# Turbo carbs?



## RTCustomz (Dec 20, 2004)

has anyone ever turboed a pair of these? if so any pics or more information/thoughts please. I have a 2.0l aba 16v im thinking about turboing with a garrett t3/t4 (have this already) and carbing with a set of these (which are already in my possesion). The carbs are from a 2004 Kawasaki Zx11 (the two similiar ones) and the other is from a honda CBr i believe. Thoughts and comments are appreciated, both negative and postive ofcourse.









ITB:1








ITb:2








ITB:3


----------



## dirtrida274 (Jan 24, 2007)

well i havent seen those shown done but my buddy had a 5.0 stang on a holley carb that was turboed...it didnt last to long. he bought efi and now the thing is a whole new animal.-
but hell give it a try man they do it to itbs alot. search for PVW cars, i remember reading and drooling, they have to be in there somewhere.


----------



## Montrocco (Nov 9, 2009)

*Re: Turbo carbs? (RTCustomz)*

one of the few production cars to ever be turbo/ carb were the corvair spyder and the trans-am turbo.

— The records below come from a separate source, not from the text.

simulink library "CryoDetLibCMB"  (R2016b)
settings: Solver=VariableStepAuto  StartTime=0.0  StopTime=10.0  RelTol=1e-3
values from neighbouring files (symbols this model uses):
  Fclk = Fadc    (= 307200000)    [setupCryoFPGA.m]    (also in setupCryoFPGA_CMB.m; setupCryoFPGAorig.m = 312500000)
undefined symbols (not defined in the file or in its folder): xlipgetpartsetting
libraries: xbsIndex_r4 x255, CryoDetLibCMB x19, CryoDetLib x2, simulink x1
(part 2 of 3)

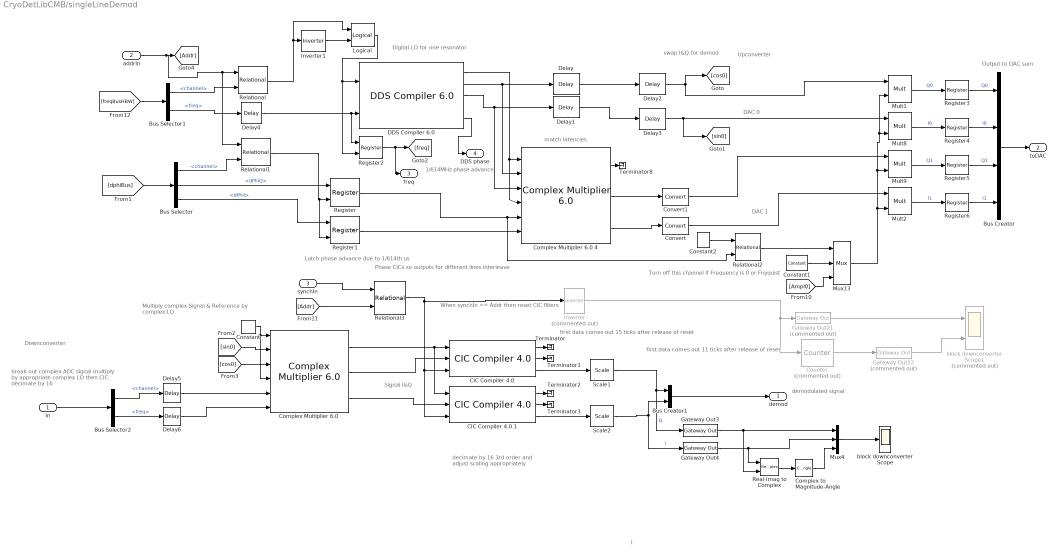
== system CryoDetLibCMB/singleLineDemod ==
  note: swap I&Q for demod
  note: Output to DAC sum
  note: decimate by 16 3rd order
      | and adjust scaling appropriately
  note: When synchIn == Addr then reset CIC filters
  note: Turn off this channel if Frequency is 0 or Fnyquist
  note: first data comes out 15 ticks after release of reset
  note: Latch phase advance due to 1/614th us
  note: I
  note: DAC 1
  note: DAC 0
  note: Downconverter
  note: demodulated signal
  note: Phase CICs so outputs for different lines interleave
  note: Signal I&Q
  note: Multiply complex Signal & Reference
      | by complex LO
  note: match latencies
  note: 1/614MHz
      | phase advance
  note: break out complex ADC signal
      | multiply by appropriate complex LO
      | then CIC decimate by 16
  note: Digital LO for one resonator
  note: Upconverter
  note: first data comes out 11 ticks after release of reset
  In : Inport
  addrIn : Inport  Port=2
  synchIn : Inport  Port=3
  Bus Creator : BusCreator  Inputs=4
  Bus Creator1 : BusCreator  Inputs=2
  Bus Selector : BusSelector  OutputSignals=channel,dPhiQ,dPhiI
  Bus Selector1 : BusSelector  OutputSignals=channel,freq
  Bus Selector2 : BusSelector  OutputSignals=channel,freq
  "CIC Compiler 4.0 " : xbsIndex_r4/CIC Compiler 4.0   filter_type=Decimation  number_of_stages=3  differential_delay=1  number_of_channels=1  sample_rate_changes=Fixed  fixed_or_initial_rate=16  minimum_rate=16  maximum_rate=16  ratespecification=Sample_Period  sampleperiod=1  hardwareoversamplingrate=1  quantization=Truncation  output_data_width=20  use_xtreme_dsp_slice=off  use_streaming_interface=on  has_aclken=off  has_aresetn=on  has_dout_tready=off  trim_axipin_name=on  gui_behaviour=Sysgen_GUI  input_data_width=18  ip_name=CIC Compiler  ip_version=4.0  dsptool_ready=true  wrapper_available=true  port_translation_map={ 'aclken' => 'en', 'aresetn' => 'rst' }  ipcore_xco_need_fpga_part=true  ipcore_verbose=false  block_type=cic_compiler_v4_0
  CIC Compiler 4.0 1 : xbsIndex_r4/CIC Compiler 4.0   filter_type=Decimation  number_of_stages=3  differential_delay=1  number_of_channels=1  sample_rate_changes=Fixed  fixed_or_initial_rate=16  minimum_rate=16  maximum_rate=16  ratespecification=Sample_Period  sampleperiod=1  hardwareoversamplingrate=1  quantization=Truncation  output_data_width=20  use_xtreme_dsp_slice=off  use_streaming_interface=on  has_aclken=off  has_aresetn=on  has_dout_tready=off  trim_axipin_name=on  gui_behaviour=Sysgen_GUI  input_data_width=18  ip_name=CIC Compiler  ip_version=4.0  dsptool_ready=true  wrapper_available=true  port_translation_map={ 'aclken' => 'en', 'aresetn' => 'rst' }  ipcore_xco_need_fpga_part=true  ipcore_verbose=false  block_type=cic_compiler_v4_0
  "Complex Multiplier 6.0 " : xbsIndex_r4/Complex Multiplier 6.0   hasatlast=off  hasatuser=off  atuserwidth=1  hasbtlast=off  hasbtuser=off  btuserwidth=1  multtype=Use_Mults  optimizegoal=Resources  flowcontrol=NonBlocking  outputwidth=18  roundmode=Truncate  hasctrltlast=off  hasctrltuser=off  ctrltuserwidth=1  outtlastbehv=Null  latencyconfig=Automatic  minimumlatency=37  aclken=off  aresetn=off  trim_axipin_name=on  simulation_type=hybrid_sim  simulation_model=sysgen:cmpy_v6_0  data_path_portlist={ 's_axis_a_tdata_real', 's_axis_a_tdata_imag', 's_axis_b_tdata_real', 's_axis_b_tdata_imag', 's_axis_ctrl_tdata_rounding_bit', 'm_axis_dout_tdata_real', 'm_axis_dout_tdata_imag' }  aportwidth=63  bportwidth=63  ip_name=Complex Multiplier  ip_version=6.0  dsptool_ready=true  ipcore_usecache=true  ipcore_useipmodelcache=true  ipcore_verbose=false  ipcore_latency_parameter='minimumlatency'  wrapper_available=true  port_translation_map={ 'aclken' => 'en', 'aresetn' => 'rst'}  block_type=cmpy_v6_0
  Complex Multiplier 6.0 4 : xbsIndex_r4/Complex Multiplier 6.0   hasatlast=off  hasatuser=off  atuserwidth=1  hasbtlast=off  hasbtuser=off  btuserwidth=1  multtype=Use_Mults  optimizegoal=Resources  flowcontrol=NonBlocking  outputwidth=19  roundmode=Truncate  hasctrltlast=off  hasctrltuser=off  ctrltuserwidth=1  outtlastbehv=Null  latencyconfig=Manual  minimumlatency=6  aclken=off  aresetn=off  trim_axipin_name=on  simulation_type=hybrid_sim  simulation_model=sysgen:cmpy_v6_0  data_path_portlist={ 's_axis_a_tdata_real', 's_axis_a_tdata_imag', 's_axis_b_tdata_real', 's_axis_b_tdata_imag', 's_axis_ctrl_tdata_rounding_bit', 'm_axis_dout_tdata_real', 'm_axis_dout_tdata_imag' }  aportwidth=63  bportwidth=63  ip_name=Complex Multiplier  ip_version=6.0  dsptool_ready=true  ipcore_usecache=true  ipcore_useipmodelcache=true  ipcore_verbose=false  ipcore_latency_parameter='minimumlatency'  wrapper_available=true  port_translation_map={ 'aclken' => 'en', 'aresetn' => 'rst'}  block_type=cmpy_v6_0
  Complex to Magnitude-Angle : ComplexToMagnitudeAngle  Output=Magnitude
  Constant : xbsIndex_r4/Constant  const=1  gui_display_data_type=Boolean  arith_type=Boolean  n_bits=16  bin_pt=14  preci_type=Single  exp_width=8  frac_width=24  explicit_period=off  period=1  equ=P=C  opselect=C  inp2=PCIN>>17  opr=+  inp1=P  carry=CIN  dbl_ovrd=off  block_type=constant
  Constant1 : xbsIndex_r4/Constant  const=0  gui_display_data_type=Fixed-point  arith_type=Unsigned  n_bits=16  bin_pt=16  preci_type=Single  exp_width=8  frac_width=24  explicit_period=off  period=1  equ=P=C  opselect=C  inp2=PCIN>>17  opr=+  inp1=P  carry=CIN  dbl_ovrd=off  block_type=constant
  Constant2 : xbsIndex_r4/Constant  const=0  gui_display_data_type=Fixed-point  arith_type=Unsigned  n_bits=16  bin_pt=16  preci_type=Single  exp_width=8  frac_width=24  explicit_period=off  period=1  equ=P=C  opselect=C  inp2=PCIN>>17  opr=+  inp1=P  carry=CIN  dbl_ovrd=off  block_type=constant
  Convert : xbsIndex_r4/Convert  gui_display_data_type=Fixed-point  arith_type="Signed  (2's comp)"  n_bits=16  bin_pt=14  float_type=Single  exp_bits=8  fraction_bits=24  quantization=Truncate  overflow=Saturate  en=off  latency=1  pipeline=off  dbl_ovrd=off  block_type=convert
  Convert1 : xbsIndex_r4/Convert  gui_display_data_type=Fixed-point  arith_type="Signed  (2's comp)"  n_bits=16  bin_pt=14  float_type=Single  exp_bits=8  fraction_bits=24  quantization=Truncate  overflow=Saturate  en=off  latency=1  pipeline=off  dbl_ovrd=off  block_type=convert
  Counter : xbsIndex_r4/Counter  Commented=on  cnt_type=Free Running  cnt_to=Inf  operation=Up  start_count=0  cnt_by_val=2^-8  arith_type=Unsigned  n_bits=8  bin_pt=8  load_pin=off  rst=on  en=off  explicit_period=off  period=1  use_behavioral_HDL=off  implementation=Fabric  dbl_ovrd=off  block_type=counter
  "DDS Compiler 6.0 " : xbsIndex_r4/DDS Compiler 6.0   partspresent=Phase_Generator_and_SIN_COS_LUT  dds_clock_rate=Fclk/1e6  channels=1  mode_of_operation=Standard  modulus=9  parameter_entry=Hardware_Parameters  spurious_free_dynamic_range=45  frequency_resolution=0.4  noise_shaping=None  phase_width=freqBits  output_width=IQbits  output_selection=Sine_and_Cosine  negative_sine=off  negative_cosine=off  amplitude_mode=Unit_Circle  memory_type=Auto  optimization_goal=Speed  dsp48_use=Maximal  resync=off  latency_configuration=Configurable  latency=15  has_phase_out=on  has_aclken=off  has_aresetn=off  explicit_period=on  period=Tclk  data_has_tlast=Not_Required  has_tready=off  s_phase_has_tuser=Not_Required  m_data_has_tuser=Not_Required  m_phase_has_tuser=Not_Required  s_phase_tuser_width=1  output_form=Twos_Complement  s_config_sync_mode=On_Vector  phase_increment=Programmable  output_frequency1=0  output_frequency2=0  output_frequency3=0  output_frequency4=0  output_frequency5=0  output_frequency6=0  output_frequency7=0  output_frequency8=0  output_frequency9=0  output_frequency10=0  output_frequency11=0  output_frequency12=0  output_frequency13=0  output_frequency14=0  output_frequency15=0  output_frequency16=0  pinc1='0'  pinc2='0'  pinc3='0'  pinc4='0'  pinc5='0'  pinc6='0'  pinc7='0'  pinc8='0'  pinc9='0'  pinc10='0'  pinc11='0'  pinc12='0'  pinc13='0'  pinc14='0'  pinc15='0'  pinc16='0'  phase_offset=None  phase_offset_angles1=0  phase_offset_angles2=0  phase_offset_angles3=0  phase_offset_angles4=0  phase_offset_angles5=0  phase_offset_angles6=0  phase_offset_angles7=0  phase_offset_angles8=0  phase_offset_angles9=0  phase_offset_angles10=0  phase_offset_angles11=0  phase_offset_angles12=0  phase_offset_angles13=0  phase_offset_angles14=0  phase_offset_angles15=0  phase_offset_angles16=0  poff1='0'  poff2='0'  poff3='0'  poff4='0'  poff5='0'  poff6='0'  poff7='0'  poff8='0'  poff9='0'  poff10='0'  poff11='0'  poff12='0'  poff13='0'  poff14='0'  poff15='0'  poff16='0'  trim_axipin_name=on  simulation_type=hybrid_sim  simulation_model=sysgen:xddsv6_0_cmodel  data_path_portlist={ 's_axis_config_tdata_poff', 's_axis_config_tdata_chan0_poff', 's_axis_config_tdata_pinc', 's_axis_config_tdata_chan0_pinc', 's_axis_phase_tdata_resync', 's_axis_phase_tdata_chan0_resync', 's_axis_phase_tdata_poff', 's_axis_phase_tdata_chan0_poff', 's_axis_phase_tdata_pinc', 's_axis_phase_tdata_chan0_pinc', 's_axis_phase_tdata_phase_in', 'm_axis_data_tdata_sine', 'm_axis_data_tdata_chan0_sine', 'm_axis_data_tdata_cosine', 'm_axis_data_tdata_chan0_cosine', 'm_axis_phase_tdata_phase_out', 'm_axis_phase_tdata_chan0_phase_out'}  por_mode=false  gui_behaviour=Sysgen  ip_name=DDS Compiler  ip_version=6.0  dsptool_ready=true  wrapper_available=true  port_translation_map={ 'aclken' => 'en', 'aresetn' => 'rst' }  ipcore_usecache=true  ipcore_useipmodelcache=true  ipcore_xco_need_fpga_part=true  ipcore_fpga_part=xlipgetpartsetting(gcb, {'kintex7', 'xc7k325t', '-3', 'fbg676'})  ipcore_verbose=false  block_type=dds_compiler_v6_0
  Delay : xbsIndex_r4/Delay  rst=off  infoeditControl=Selection of Reset will increase slice count due to use of real FFs and instead of SRLs  en=off  latency=6  reg_retiming=off  dbl_ovrd=off  block_type=delay
  Delay1 : xbsIndex_r4/Delay  rst=off  infoeditControl=Selection of Reset will increase slice count due to use of real FFs and instead of SRLs  en=off  latency=6  reg_retiming=off  dbl_ovrd=off  block_type=delay
  Delay2 : xbsIndex_r4/Delay  rst=off  infoeditControl=Selection of Reset will increase slice count due to use of real FFs and instead of SRLs  en=off  latency=1  reg_retiming=off  dbl_ovrd=off  block_type=delay
  Delay3 : xbsIndex_r4/Delay  rst=off  infoeditControl=Selection of Reset will increase slice count due to use of real FFs and instead of SRLs  en=off  latency=1  reg_retiming=off  dbl_ovrd=off  block_type=delay
  Delay4 : xbsIndex_r4/Delay  rst=off  infoeditControl=Selection of Reset will increase slice count due to use of real FFs and instead of SRLs  en=off  latency=2  reg_retiming=on  dbl_ovrd=off  block_type=delay
  Delay5 : xbsIndex_r4/Delay  rst=off  infoeditControl=Selection of Reset will increase slice count due to use of real FFs and instead of SRLs  en=off  latency=2  reg_retiming=on  dbl_ovrd=off  block_type=delay
  Delay6 : xbsIndex_r4/Delay  rst=off  infoeditControl=Selection of Reset will increase slice count due to use of real FFs and instead of SRLs  en=off  latency=2  reg_retiming=on  dbl_ovrd=off  block_type=delay
  Gateway Out21 : xbsIndex_r4/Gateway Out  Commented=on  inherit_from_input=off  hdl_port=off  rows=1  columns=1  UseAsDAC=off  DACChannel='1'  interface=None  automatic_assignment=on  address_offset=hex2dec('00')  intf_name=''  intf_description=''  timing_constraint=None  locs_specified=off  LOCs={}  io_standard={}  block_type=gatewayout
  Gateway Out22 : xbsIndex_r4/Gateway Out  Commented=on  inherit_from_input=off  hdl_port=off  rows=1  columns=1  UseAsDAC=off  DACChannel='1'  interface=None  automatic_assignment=on  address_offset=hex2dec('00')  intf_name=''  intf_description=''  timing_constraint=None  locs_specified=off  LOCs={}  io_standard={}  block_type=gatewayout
  Gateway Out3 : xbsIndex_r4/Gateway Out  inherit_from_input=off  hdl_port=off  rows=1  columns=1  UseAsDAC=off  DACChannel='1'  interface=None  automatic_assignment=on  address_offset=hex2dec('00')  intf_name=''  intf_description=''  timing_constraint=None  locs_specified=off  LOCs={}  io_standard={}  block_type=gatewayout
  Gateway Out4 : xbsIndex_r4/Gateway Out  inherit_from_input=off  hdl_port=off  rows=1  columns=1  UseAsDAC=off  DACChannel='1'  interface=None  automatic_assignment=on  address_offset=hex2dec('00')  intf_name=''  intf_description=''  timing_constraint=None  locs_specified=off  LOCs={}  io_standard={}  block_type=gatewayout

Both those were disasters at best and never really had the right feel
The problem is that the carbs you want to use have no way of telling when there is boost. Plus, since you have 4, i guess youl want to blow-thru so you would have to box them and put a device to raise fuel pressure. Then you need to figure out a way of enriching the mixture under boost. then you also have to to pressure-retard ignition. It would be a lot easier to go with a volvo 240 turbo cis setup with the dizzy and wur. You could use a modified distributor from mk1 with the dual diaphragm canister.
If you really want to go carbs, sell the ones you have and buy a very common weber downflow 32/36 dgv. do it draw thru. (make sure you have a turbo that has mechanical seals that can seal vacuum. If not, add a butterfly downstream of the turbo and have it close a little before the carb so the compressor never sees vacuum.) Set up the secondaries to operate on boost and jet them RICH! This way, as soon as boost start building up, the secondaries will open and you will feel a real rush in power. Don't forget to install a small pneumatic valve linked to the primaries to vent the secondary diaphragm to atmosphere, Otherwise, the car will keep going full bore when you take your foot of the throttle, not cool,,, Don't forget the pressure-retard dizzy. 
That's probably the simplest, cheapest and most reliable/ flexible turbo/ carb setup you can have. Don't forget that when you turbo the car, it usually takes LESS carb than if you would tune it the regular way. therefore, one 32/36 dgv is more than enough for the 2l ABA. plus, parts and jets are cheap and plenty as it is extensively used in formula ford and as replacement for carter, rochester, etc..
Hope this helps, cheers


----------



## epjetta (Sep 19, 2006)

*Re: Turbo carbs? (RTCustomz)*

i suggest obtaining a copy of Maximum boost and reading it before starting a turbo project. i think the information in the book may discourage you from your plan and head you in a different direction.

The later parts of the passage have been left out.